• WORK INSTRUCTIONS: From the first line to the last, copy the listing exactly and omit the images.

::: LISTED RECORDS

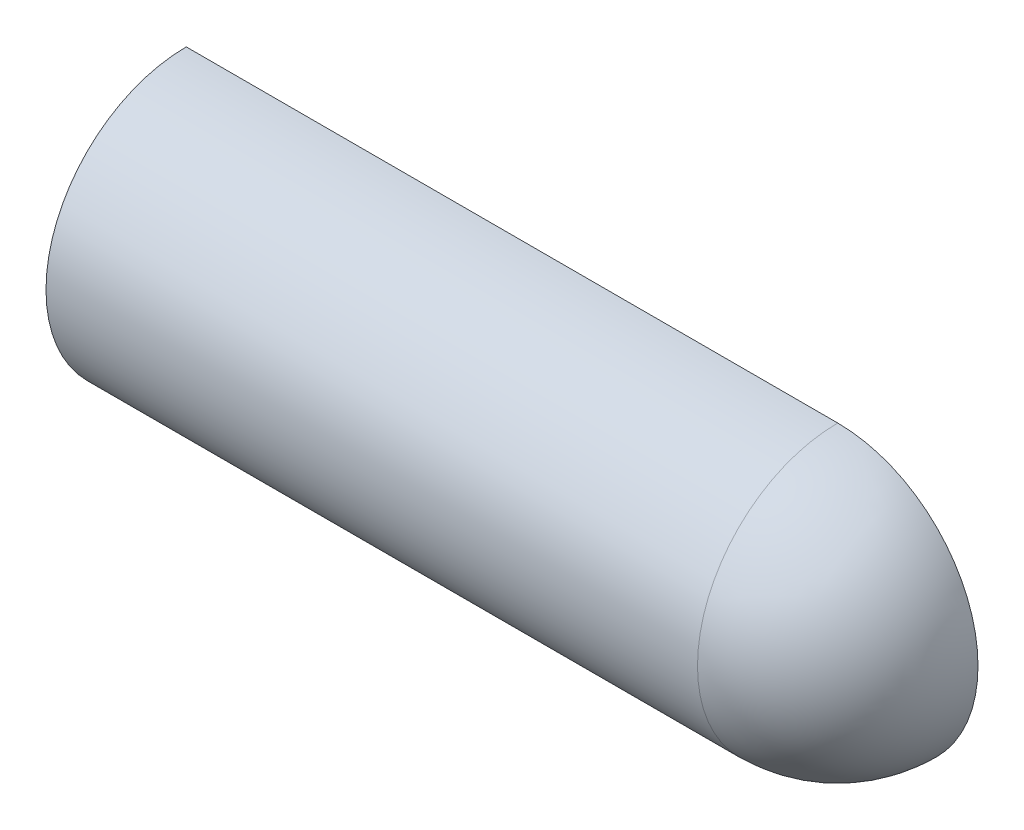
SolidWorks part; units mm, degrees
ref_plane "Front Plane" through (0, 0, 0) normal (0, 0, 1) x (1, 0, 0)
ref_plane "Top Plane" through (0, 0, 0) normal (0, 1, 0) x (1, 0, 0)
ref_plane "Right Plane" through (0, 0, 0) normal (1, 0, 0) x (0, 0, -1)
sketch "Sketch2" plane through (0, 0, 0) normal (0, 0, 1) x (1, 0, 0)
  line L0 (26, 0) -> (31, 0)
  line L2 (-144, 31) -> (0, 31)
  line L3 (-144, 31) -> (-144, 26)
  line L4 (0, 26) -> (-144, 26)
  arc A0 (-2.5128, -30.898) -> (2.5128, 30.898) centre (0, 0) ccw construction
  circle A1 centre (0, 0) radius 31 construction
  arc A3 (31, 0) -> (0, 31) centre (0, 0) ccw
  arc A4 (26, 0) -> (0, 26) centre (0, 0) ccw
revolve "Revolve1" add sketch "Sketch2" angle 180 about L0
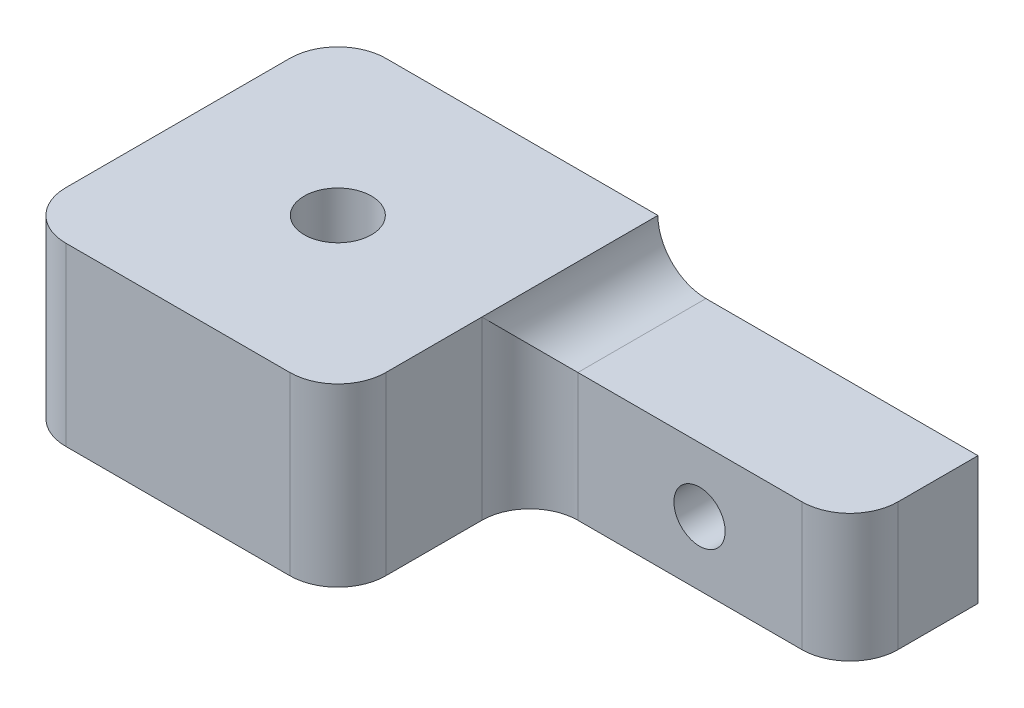
SolidWorks part; units mm, degrees
ref_plane "Plan de face" through (0, 0, 0) normal (0, 0, 1) x (1, 0, 0)
ref_plane "Plan de dessus" through (0, 0, 0) normal (0, 1, 0) x (1, 0, 0)
ref_plane "Plan de droite" through (0, 0, 0) normal (1, 0, 0) x (0, 0, -1)
sketch "Esquisse1" plane through (0, 0, 0) normal (0, 0, 1) x (1, 0, 0)
  line L1 (0, 0) -> (40, 0)
  line L2 (0, 0) -> (0, 8)
  line L3 (0, 8) -> (40, 8)
  line L4 (40, 0) -> (40, 8)
  dimension "D1" = 40
  dimension "D2" = 8
extrude "Boss.-Extru.1" add sketch "Esquisse1" along normal blind 8
sketch "Esquisse2" plane through (0, 0, 8) normal (0, 0, 1) x (1, 0, 0)
  line L0 (0, 0) -> (40, 0) construction
  line L1 (0, 8) -> (20, 8)
  line L2 (0, 8) -> (0, 0)
  line L3 (0, 0) -> (20, 0)
  line L4 (20, 8) -> (20, 0)
  dimension "D1" = 20
extrude "Boss.-Extru.2" add sketch "Esquisse2" along normal blind 12
sketch "Esquisse3" plane through (0, 8, 0) normal (0, 1, 0) x (1, 0, 0)
  line L0 (40, 0) -> (0, 0) construction
  line L1 (0, -20) -> (20, -20)
  line L2 (0, -20) -> (0, 0)
  line L3 (0, 0) -> (20, 0)
  line L4 (20, -20) -> (20, 0)
extrude "Boss.-Extru.3" add sketch "Esquisse3" along normal blind 3
fillet "Congé1" radius 3 6 edges at (20, 5.5, 20) (40, 4, 8) (0, 5.5, 0) (0, 5.5, 20)
sketch "Esquisse4" plane through (0, 0, 0) normal (0, 0, -1) x (-1, 0, 0)
  line L0 (0, 11) -> (0, 0) construction
  line L1 (-3, 0) -> (-40, 0) construction
  circle A0 centre (-30.6, 4) radius 1.6
  dimension "D3" = 3.2
  dimension "D1" = 30.6
  dimension "D2" = 4
extrude "Enlèv. mat.-Extru.1" cut sketch "Esquisse4" against normal through all
sketch "Esquisse5" plane through (0, 0, 0) normal (0, -1, 0) x (1, 0, 0)
  line L0 (3, 20) -> (17, 20) construction
  line L1 (0, 17) -> (0, 3) construction
  circle A0 centre (10, 10) radius 2.1
  dimension "D3" = 4.2
  dimension "D1" = 10
  dimension "D2" = 10
extrude "Enlèv. mat.-Extru.2" cut sketch "Esquisse5" against normal through all

::::::

• OUTPUT FOR THIS TASK:
SolidWorks part; units mm, degrees
ref_plane "Front Plane" through (0, 0, 0) normal (0, 0, 1) x (1, 0, 0)
ref_plane "Top Plane" through (0, 0, 0) normal (0, 1, 0) x (1, 0, 0)
ref_plane "Right Plane" through (0, 0, 0) normal (1, 0, 0) x (0, 0, -1)
sketch "Sketch2" plane through (0, 0, 0) normal (0, 0, 1) x (1, 0, 0)
  line L0 (26, 0) -> (31, 0)
  line L2 (-144, 31) -> (0, 31)
  line L3 (-144, 31) -> (-144, 26)
  line L4 (0, 26) -> (-144, 26)
  arc A0 (-2.5128, -30.898) -> (2.5128, 30.898) centre (0, 0) ccw construction
  circle A1 centre (0, 0) radius 31 construction
  arc A3 (31, 0) -> (0, 31) centre (0, 0) ccw
  arc A4 (26, 0) -> (0, 26) centre (0, 0) ccw
revolve "Revolve1" add sketch "Sketch2" angle 180 about L0
SolidWorks part; units mm, degrees
ref_plane "Plan de face" through (0, 0, 0) normal (0, 0, 1) x (1, 0, 0)
ref_plane "Plan de dessus" through (0, 0, 0) normal (0, 1, 0) x (1, 0, 0)
ref_plane "Plan de droite" through (0, 0, 0) normal (1, 0, 0) x (0, 0, -1)
sketch "Esquisse1" plane through (0, 0, 0) normal (0, 0, 1) x (1, 0, 0)
  line L1 (0, 0) -> (40, 0)
  line L2 (0, 0) -> (0, 8)
  line L3 (0, 8) -> (40, 8)
  line L4 (40, 0) -> (40, 8)
  dimension "D1" = 40
  dimension "D2" = 8
extrude "Boss.-Extru.1" add sketch "Esquisse1" along normal blind 8
sketch "Esquisse2" plane through (0, 0, 8) normal (0, 0, 1) x (1, 0, 0)
  line L0 (0, 0) -> (40, 0) construction
  line L1 (0, 8) -> (20, 8)
  line L2 (0, 8) -> (0, 0)
  line L3 (0, 0) -> (20, 0)
  line L4 (20, 8) -> (20, 0)
  dimension "D1" = 20
extrude "Boss.-Extru.2" add sketch "Esquisse2" along normal blind 12
sketch "Esquisse3" plane through (0, 8, 0) normal (0, 1, 0) x (1, 0, 0)
  line L0 (40, 0) -> (0, 0) construction
  line L1 (0, -20) -> (20, -20)
  line L2 (0, -20) -> (0, 0)
  line L3 (0, 0) -> (20, 0)
  line L4 (20, -20) -> (20, 0)
extrude "Boss.-Extru.3" add sketch "Esquisse3" along normal blind 3
fillet "Congé1" radius 3 6 edges at (20, 5.5, 20) (40, 4, 8) (0, 5.5, 0) (0, 5.5, 20)
sketch "Esquisse4" plane through (0, 0, 0) normal (0, 0, -1) x (-1, 0, 0)
  line L0 (0, 11) -> (0, 0) construction
  line L1 (-3, 0) -> (-40, 0) construction
  circle A0 centre (-30.6, 4) radius 1.6
  dimension "D3" = 3.2
  dimension "D1" = 30.6
  dimension "D2" = 4
extrude "Enlèv. mat.-Extru.1" cut sketch "Esquisse4" against normal through all
sketch "Esquisse5" plane through (0, 0, 0) normal (0, -1, 0) x (1, 0, 0)
  line L0 (3, 20) -> (17, 20) construction
  line L1 (0, 17) -> (0, 3) construction
  circle A0 centre (10, 10) radius 2.1
  dimension "D3" = 4.2
  dimension "D1" = 10
  dimension "D2" = 10
extrude "Enlèv. mat.-Extru.2" cut sketch "Esquisse5" against normal through all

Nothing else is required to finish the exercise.